‘West Memphis 3’ plead guilty to murders to win freedom

JONESBORO, Ark. — Three men convicted in the nightmarish slayings of three Cub Scouts went free Friday, nearly two decades after they were sent to prison in a case so gruesome it raised suspicions the children had been sacrificed in a Satanic ritual.

Doubts about the evidence against the trio had persisted for years and threatened to force prosecutors to put on a second trial in 2012.

Instead, the so-called West Memphis Three were permitted to plead guilty to murder in exchange for time served, ending a long long-running legal battle that had raised questions about DNA and witnesses — and attracted support from celebrities such as Johnny Depp and Eddie Vedder.

Damien Echols, Jason Baldwin and Jessie Misskelley entered the pleas under a legal provision that allowed them to maintain their innocence while acknowledging prosecutors have enough evidence to convict them.

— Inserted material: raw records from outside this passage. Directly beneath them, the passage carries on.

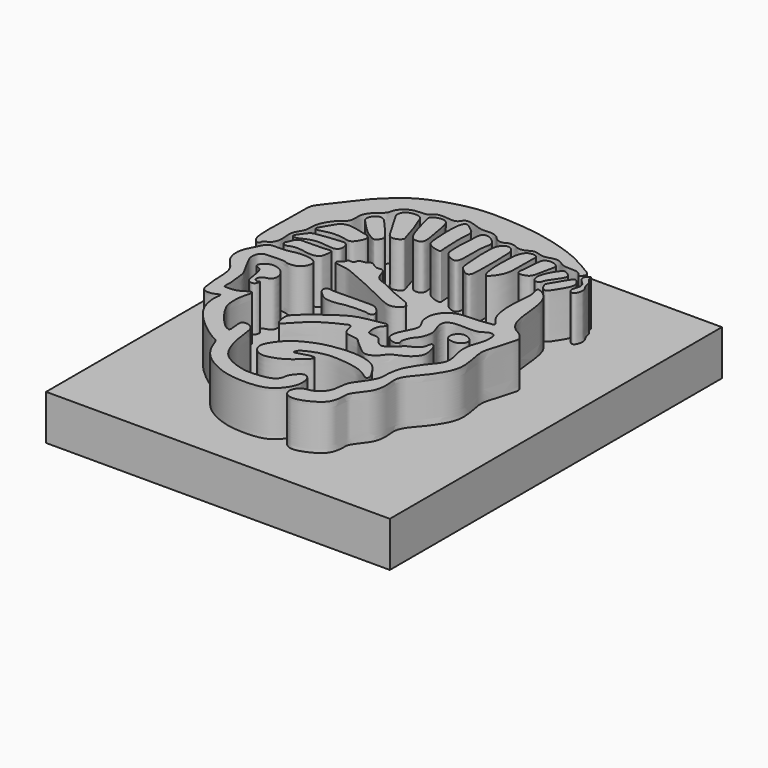
from build123d import *

# Parameters (mm, degrees)
F1_DEPTH = 25.4
F2_W     = 96.9264013693
F2_H     = 117.0432046056
F3_DEPTH = 12.7


with BuildPart() as f1:
    # F0 (on Top) → F1 (new body)
    with BuildSketch(Plane.XY):
        with BuildLine():
            add(Edge.make_bspline(
                [(-40.2134470642, -13.6436549947), (-40.5038319253, -13.0532989312), (-40.9712662134, -12.0357692788), (-40.3828119426, -9.0838404135), (-37.4700159523, -9.1659597907), (-33.6801272021, -8.8772320002), (-32.7655772786, -9.6282652278), (-29.8023894039, -9.4210274483), (-28.3806589854, -7.5498569946), (-28.0532124759, -5.5301169959), (-29.9501063345, -4.2010879959), (-33.9584884018, -4.060553572), (-36.4882191847, -4.9901386676), (-39.7344326102, -4.8370794081), (-41.852988261, -5.0813649106), (-43.0611123611, -7.9930232863), (-44.6638586961, -10.8148641524), (-44.6805787942, -13.9824924027), (-43.4351839453, -16.5508592113), (-41.4060540395, -18.327504016), (-40.4817112793, -20.4170340166), (-40.2150456125, -23.173487216), (-40.2371317705, -25.6148272624), (-39.7897618651, -28.8111673703), (-39.4242040094, -31.1359618698), (-36.7206525589, -31.2192672972), (-35.6066458214, -30.6210898454), (-34.4127301406, -30.0990799373), (-34.932395965, -32.2774129262), (-34.6889736884, -34.3855625988), (-33.9514081898, -37.3805205335), (-31.9389951827, -40.3046677573), (-29.0667186094, -43.1618199647), (-26.052819601, -45.5593423485), (-23.5900655555, -47.2267415521), (-21.6999075012, -47.8249153248), (-21.0648357224, -50.7700427907), (-18.8106721799, -54.2710823292), (-15.7050192032, -56.747814972), (-10.9850909536, -58.9656562044), (-5.5210704614, -59.6254274225), (0.0655429157, -59.2721168152), (3.1418643476, -57.3279514264), (5.3379892447, -54.0854350072), (5.6011670768, -51.5204836423), (5.2429584174, -49.3374778631), (3.4009534995, -48.166607769), (1.8703771285, -49.6207679802), (0.6615174644, -51.2282183426), (0.7409672686, -52.993382624), (-0.928557497, -54.7108114083), (-4.556009372, -55.1621405529), (-8.4581184608, -55.3892312796), (-13.3437110299, -53.5718738684), (-15.8033997352, -51.6433831739), (-17.4804730559, -48.8032608251), (-18.6647319579, -44.6349468246), (-19.0353626337, -40.8983524571), (-19.4757454842, -38.3228496413), (-21.5701928172, -37.2608658786), (-23.1594355454, -37.7347875195), (-22.9633855567, -39.5685823373), (-22.5875095291, -42.186811965), (-23.232268811, -42.0865318242), (-24.1233688412, -41.7328370024), (-25.2311286943, -40.8741082801), (-28.213025083, -37.5769037551), (-30.2068242336, -34.1381189549), (-30.7460865655, -32.4917857606), (-30.7936590907, -28.9726861151), (-30.1021813845, -26.3503756002), (-29.7493093459, -25.166157434), (-30.5926807443, -24.9813323567), (-31.6427370917, -25.773252658), (-33.4709586463, -26.8433998571), (-36.2557679667, -26.8237017314), (-36.7498527526, -26.6771194484), (-36.4617540337, -24.7653587113), (-37.0026261542, -21.1625112292), (-37.1052353815, -19.1935704677), (-38.8213673131, -16.3662075654), (-39.8354152195, -14.4121984746), (-40.2134470642, -13.6436549947)],
                knots=[0, 0, 0, 0, 0.0105854357, 0.0227038139, 0.0355615522, 0.0506964042, 0.0590934994, 0.0718715099, 0.08372586, 0.0940838712, 0.1051368075, 0.1206855449, 0.1338879249, 0.147872312, 0.1586917055, 0.1720366682, 0.1864080274, 0.2000583123, 0.2131788584, 0.2259198188, 0.2376677544, 0.2505637198, 0.2630490339, 0.2772986456, 0.2884688624, 0.3002440343, 0.3096215137, 0.3164567212, 0.3264983543, 0.3384916292, 0.3520782106, 0.3668620136, 0.3827581289, 0.3983550294, 0.4118200351, 0.4221569994, 0.4351815037, 0.4512043984, 0.4668630146, 0.4845956824, 0.503265583, 0.5216125929, 0.5364037424, 0.5516107261, 0.5641673247, 0.5755537169, 0.5858159785, 0.5965098416, 0.6076312106, 0.6176334598, 0.6290166971, 0.6438033901, 0.6596293721, 0.6773473823, 0.691109071, 0.7051053782, 0.7215553422, 0.7369683211, 0.7492434926, 0.7605774012, 0.769367475, 0.7798612926, 0.7919744263, 0.7966216104, 0.8041149769, 0.8133299168, 0.8300412854, 0.8457482662, 0.8560105345, 0.8706321915, 0.8839702758, 0.8916090014, 0.8975101119, 0.9062586889, 0.9181242245, 0.9309764693, 0.9355028424, 0.9456931412, 0.9609607679, 0.972097378, 0.9862195579, 1, 1, 1, 1], degree=3))
        make_face()
        with BuildLine():
            add(Edge.make_bspline(
                [(-36.9890481234, 1.9141569501), (-37.6086093115, 1.6183880837), (-38.5317237833, 1.0516364801), (-40.4055938126, 1.3458247704), (-38.8954202479, 3.4409428718), (-37.7142225728, 5.0654187852), (-36.2422882152, 5.4533680411), (-31.0847105816, 6.0055868791), (-29.4042524296, 6.2039104022), (-28.1776089982, 6.0259950489), (-27.4019390923, 3.5957598157), (-28.6162726688, 2.2319888659), (-30.9662986649, 2.5583398946), (-34.3116035087, 2.9699572864), (-36.2321994637, 2.2754647181), (-36.9890481234, 1.9141569501)],
                knots=[0, 0, 0, 0, 0.072612367, 0.129661764, 0.2048222141, 0.2807607212, 0.345890099, 0.4667093526, 0.5374814039, 0.5905759148, 0.6694874813, 0.7336228202, 0.8127819433, 0.9112975866, 1, 1, 1, 1], degree=3))
        make_face()
    extrude(amount=F1_DEPTH)



with BuildPart() as f1b:
    # F0 (on Top) → F1, piece 2 (new body)
    with BuildSketch(Plane.XY):
        with BuildLine():
            add(Edge.make_bspline(
                [(-35.3266075253, -16.0623975098), (-35.4972584298, -15.6958523644), (-35.9577022635, -15.0490288372), (-37.1653320579, -14.8763550547), (-37.4622378024, -13.8763719918), (-35.9694428669, -12.2011305597), (-33.6958844721, -12.0077739228), (-31.3642934169, -13.1003837915), (-29.9891050699, -15.3295362371), (-30.5140421494, -17.6267172637), (-32.215666586, -17.7794257093), (-33.1899626709, -18.4639808352), (-33.6363150575, -19.8373776846), (-32.2927485056, -20.601676247), (-31.836702742, -19.6812009092), (-31.7990430425, -21.0156581463), (-32.6426422962, -21.8861025724), (-34.3389047052, -21.358790101), (-34.6550812728, -19.4363616515), (-34.8919011587, -17.4700956508), (-35.1363620882, -16.471030219), (-35.3266075253, -16.0623975098)],
                knots=[0, 0, 0, 0, 0.0473231751, 0.0931074818, 0.1316273518, 0.193737266, 0.2588862114, 0.3280781791, 0.3976259368, 0.4589092763, 0.5125312499, 0.5600258653, 0.6082496238, 0.6549574763, 0.6858732626, 0.7261825163, 0.7726873443, 0.8248430499, 0.8843108095, 0.9472430682, 1, 1, 1, 1], degree=3))
        make_face()
    extrude(amount=F1_DEPTH)


with BuildPart() as f1c:
    # F0 (on Top) → F1, piece 3 (new body)
    with BuildSketch(Plane.XY):
        with BuildLine():
            add(Edge.make_bspline(
                [(-12.175809592, -13.3968461305), (-13.962078305, -13.4377839428), (-16.476435339, -13.5444627063), (-18.4696160942, -13.0990432929), (-18.9677203075, -14.6996565823), (-17.4880204322, -16.1364312172), (-15.7339827969, -17.7820473891), (-11.7939436123, -17.5276038721), (-10.3801314326, -16.9095088093), (-4.0682803098, -16.6837951327), (-3.6200768269, -17.3062140897), (-1.6812831301, -16.6008245729), (-4.2750977921, -13.3880830635), (-6.4565823701, -13.3288982131), (-10.1699988377, -13.3508768407), (-12.175809592, -13.3968461305)],
                knots=[0, 0, 0, 0, 0.1027704203, 0.1643350092, 0.2158170795, 0.2823859054, 0.3574579932, 0.4477449421, 0.5161774552, 0.6330677274, 0.6739522117, 0.7262824172, 0.8116726581, 0.8845985417, 1, 1, 1, 1], degree=3))
        make_face()
    extrude(amount=F1_DEPTH)


with BuildPart() as f1d:
    # F0 (on Top) → F1, piece 4 (new body)
    with BuildSketch(Plane.XY):
        with BuildLine():
            add(Edge.make_bspline(
                [(0, -40.7434217632), (0.2550089068, -40.8908280021), (0.0572282511, -41.8183311028), (-1.4831668381, -43.1030839423), (-4.0909554186, -45.4202079261), (-6.9829014151, -46.7046233332), (-10.7214378432, -47.5300746976), (-13.3893377622, -44.5219611327), (-12.1320019639, -41.3716536873), (-9.141106404, -37.6526166601), (-4.7511540043, -35.5585671529), (-2.2082004905, -34.6484818562), (1.6787778646, -33.9443538732), (5.7403798443, -33.6588574681), (9.9736766295, -34.376182303), (12.7629735747, -35.8806397687), (14.5269699842, -38.6402080561), (15.6656685159, -40.6177857059), (14.9915137008, -41.6993435417), (12.9071145673, -39.7743634452), (9.9757950754, -38.6694389514), (4.8867949575, -37.9685461739), (0.7319416308, -37.9294166922), (-4.0505929199, -39.7494504251), (-5.0513016798, -40.8892973736), (-5.2166015657, -41.8677113849), (-3.8359844809, -41.4940385204), (-0.5534711144, -40.4234913877), (0, -40.7434217632)],
                knots=[0, 0, 0, 0, 0.0206705355, 0.0529636374, 0.0950381864, 0.1358320371, 0.1781274716, 0.2185821362, 0.2576980575, 0.3072862008, 0.3564718581, 0.3936610023, 0.4377324292, 0.4839787069, 0.5302887211, 0.5698482529, 0.6109457689, 0.6439968083, 0.662486097, 0.6967267402, 0.7381146551, 0.7885277067, 0.8361118954, 0.8860866204, 0.9130842841, 0.9304810607, 0.9551366874, 1, 1, 1, 1], degree=3))
        make_face()
    extrude(amount=F1_DEPTH)


with BuildPart() as f1e:
    # F0 (on Top) → F1, piece 5 (new body)
    with BuildSketch(Plane.XY):
        with BuildLine():
            add(Edge.make_bspline(
                [(10.481367819, -52.9852025211), (10.1057038761, -53.2334762501), (9.3868343996, -53.6432463166), (7.105318589, -53.7802271793), (5.5379589581, -55.6953176891), (5.621418715, -57.9573159548), (8.2637918782, -59.4847403613), (12.6896903935, -57.7699512925), (15.4590722349, -55.8533247572), (16.4777159072, -53.6765375233), (16.7130225112, -51.1308906631), (16.5406671551, -49.7112398527), (18.7594635754, -46.8016379905), (20.3710932001, -44.6987023232), (20.9134433349, -41.0598633774), (20.2139722514, -37.9243135115), (21.5514648548, -35.1561540011), (23.9057813731, -32.6703413651), (26.6572085071, -28.8791360661), (28.44402102, -24.9429116068), (28.0853493643, -21.0336360459), (27.3534834554, -17.6007602298), (27.1204363152, -14.9322526668), (28.6143454232, -11.1154652758), (29.2701283527, -7.7451513556), (30.1299822693, -5.6994795216), (28.1143512178, -3.6252370906), (26.1813913382, -2.8537382587), (23.9501923858, -0.0029204504), (23.4225417353, 5.2670723981), (22.9004855358, 10.0125319135), (21.8018431376, 13.0906988334), (20.0139764252, 14.7493807415), (18.1497923111, 15.5030064107), (18.131500048, 14.6036296701), (18.8946148473, 12.7855586038), (18.4185250801, 8.8222478367), (18.1474952384, 4.1732985388), (18.8864235142, -0.597449726), (20.5373536115, -2.6725041874), (21.6372786424, -3.8990357185), (20.1399919421, -4.0960962659), (16.5068090043, -4.6685047846), (12.0351722124, -4.4786041784), (9.0928453674, -6.1028884328), (7.9090789163, -8.1059417154), (7.3845580799, -9.5557066185), (7.5479081613, -12.5333955357), (8.9953681272, -14.1892898252), (9.0575265732, -16.1339566967), (7.4373231239, -18.7826111354), (6.4010282834, -21.421636411), (6.8946371048, -23.3940237614), (9.2197972244, -24.553898415), (10.6122037289, -23.9028194683), (9.9925320776, -23.0348301568), (10.1959817003, -21.9536912939), (10.9405536832, -20.0013326602), (12.2295139, -18.9701448474), (13.5109525698, -15.3846240674), (11.9480867696, -12.6849278944), (11.6782242911, -9.9490466567), (13.761636726, -8.7576513151), (17.395892537, -8.9391852647), (21.0262448453, -8.9279169766), (22.3711096208, -7.3980710741), (24.3084708315, -7.5152866295), (24.6400235615, -8.8318310453), (24.5881651741, -11.6956432838), (23.387850378, -14.3066653641), (22.9215598182, -17.1770768728), (23.6104774504, -20.6494143714), (24.2780823643, -22.830559414), (23.8281191951, -25.2949179696), (21.4040741934, -27.7652442841), (19.4333085282, -30.9014604063), (17.8868065814, -33.7532891971), (17.5149679315, -37.3212683357), (17.64144859, -39.8365725522), (15.0943359094, -43.416200313), (13.189371433, -45.9974479426), (13.2036608443, -49.3463892426), (12.1708587579, -51.7738008355), (10.9501389787, -52.6753948697), (10.481367819, -52.9852025211)],
                knots=[0, 0, 0, 0, 0.0083827011, 0.0193218471, 0.0305936986, 0.0409768384, 0.0528329038, 0.0689015669, 0.0825925137, 0.0939689897, 0.1056335827, 0.1144435458, 0.1282679574, 0.1407584262, 0.1547334716, 0.1680222102, 0.1805985307, 0.1944544627, 0.2106734319, 0.2260838738, 0.2407486113, 0.2546422286, 0.2667296087, 0.2817888379, 0.2958082047, 0.3062368459, 0.3180285776, 0.3288796174, 0.3424622186, 0.3597520556, 0.3762702317, 0.3894814131, 0.4013294934, 0.4106653838, 0.4159670691, 0.4262117298, 0.4410660624, 0.4575884512, 0.4738300757, 0.486133142, 0.4940032114, 0.5012347596, 0.5158522949, 0.5318851351, 0.5452093438, 0.5562003475, 0.5654915708, 0.5780602435, 0.588939414, 0.5987631866, 0.6119479309, 0.6244733398, 0.6345291421, 0.6461212625, 0.653896109, 0.6604373475, 0.6682403283, 0.6787810166, 0.6884906317, 0.7023451351, 0.7155850518, 0.7270883763, 0.7375437069, 0.7520224707, 0.7660452794, 0.7762899371, 0.7855430438, 0.7934785232, 0.8060212899, 0.8187541103, 0.8314573892, 0.8454324314, 0.8566790031, 0.8679508565, 0.8817615911, 0.8962077018, 0.9097167081, 0.9235790615, 0.9353603428, 0.9506875999, 0.9641610261, 0.9775228146, 0.9895396708, 1, 1, 1, 1], degree=3))
        make_face()
    extrude(amount=F1_DEPTH)


with BuildPart() as f1f:
    # F0 (on Top) → F1, piece 6 (new body)
    with BuildSketch(Plane.XY):
        with BuildLine():
            add(Edge.make_bspline(
                [(17.4907818437, -15.4700446874), (17.1151979262, -15.1544877651), (16.7158787145, -13.9380716767), (17.5094432987, -12.3221218095), (19.0726581308, -11.5663291244), (21.1671954012, -12.2918146022), (22.3917264893, -14.2009770312), (20.2838849914, -16.0491594903), (18.8723018315, -15.8604322291), (17.8433708452, -15.766281813), (17.4907818437, -15.4700446874)],
                knots=[0, 0, 0, 0, 0.1198463059, 0.2434983858, 0.3630205508, 0.5010414267, 0.6294366117, 0.7731817435, 0.8874912173, 1, 1, 1, 1], degree=3))
        make_face()
    extrude(amount=F1_DEPTH)


with BuildPart() as f1g:
    # F0 (on Top) → F1, piece 7 (new body)
    with BuildSketch(Plane.XY):
        with BuildLine():
            add(Edge.make_bspline(
                [(13.2950088009, -23.61478284), (13.8348931255, -23.3719104476), (15.125243671, -22.8351532415), (16.0326731284, -21.2276110646), (16.0416305597, -19.65010325), (17.2120550863, -19.6877070955), (18.2160433992, -22.7492744313), (18.2563774038, -25.3331510511), (15.9850869785, -27.5837265934), (13.7395188615, -28.5317025479), (11.7239932549, -29.3735631459), (10.6986449854, -31.4171037153), (7.8082291311, -33.1191705401), (5.3238765118, -31.1331587477), (2.9044288788, -29.0002456724), (1.786599307, -27.6694713139), (-1.4178519176, -27.8441265379), (-2.5642456075, -26.3711474512), (-2.8259560494, -23.5115455616), (-4.5760845795, -24.296530775), (-7.3188478304, -25.527596382), (-11.948728853, -28.3970124143), (-15.0116932785, -32.24535168), (-16.307971164, -33.189493036), (-16.9713594686, -31.6407063527), (-17.1819559941, -29.9154185107), (-16.9400214355, -28.4563498107), (-13.8527577015, -25.7304982924), (-9.6648673277, -22.5663788095), (-5.1834985564, -19.5799945508), (0.3983263813, -18.8666301065), (2.8805340601, -18.244482919), (3.1467245055, -19.0755055974), (2.5225906957, -19.9690656397), (1.8622895301, -20.6486046658), (1.5592825514, -22.6572749998), (2.0098491605, -24.4534072576), (3.7626807349, -24.3560217497), (5.4176067955, -24.5638185498), (6.4976419148, -26.4557408647), (8.0617079498, -27.5626666188), (9.6414305671, -26.5253748059), (11.1979381079, -25.3126103162), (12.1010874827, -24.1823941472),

“Although I am innocent, this plea is in my best interest,” Misskelley said.

Echols had been on Arkansas’ death row and in 1994 came within three weeks of execution. All three men were placed on 10 years’ unsupervised probation. If they re-offend, they could be sent back to prison for 21 years.

Prosecutor Scott Ellington said it would be “practically impossible after 18 years to put on a proper trial in this case. I believe this case is closed, and there are no other individuals involved.”

The victims’ families were notified about the pact ahead of time but were not asked to approve it.

After Friday’s hearing, Baldwin told reporters that he had been reluctant to plead guilty to crimes he didn’t commit. But he agreed to the deal to get Echols off death row.

“That’s not justice, however you look at it,” he said.

Echols thanked Baldwin and called his release “overwhelming.”

“It’s not perfect,” he said of the arrangement. “It’s not perfect by any means. But it at least brings closure to some areas and some aspects.”

He said the three would continue to work to clear their names.

Circuit Judge David Laser acknowledged the case was complex, and that both the victims’ families and the supporters of the three men had suffered. He said Friday’s deal would serve justice “the best we can.”

“I don’t think it will make the pain go away,” Laser said.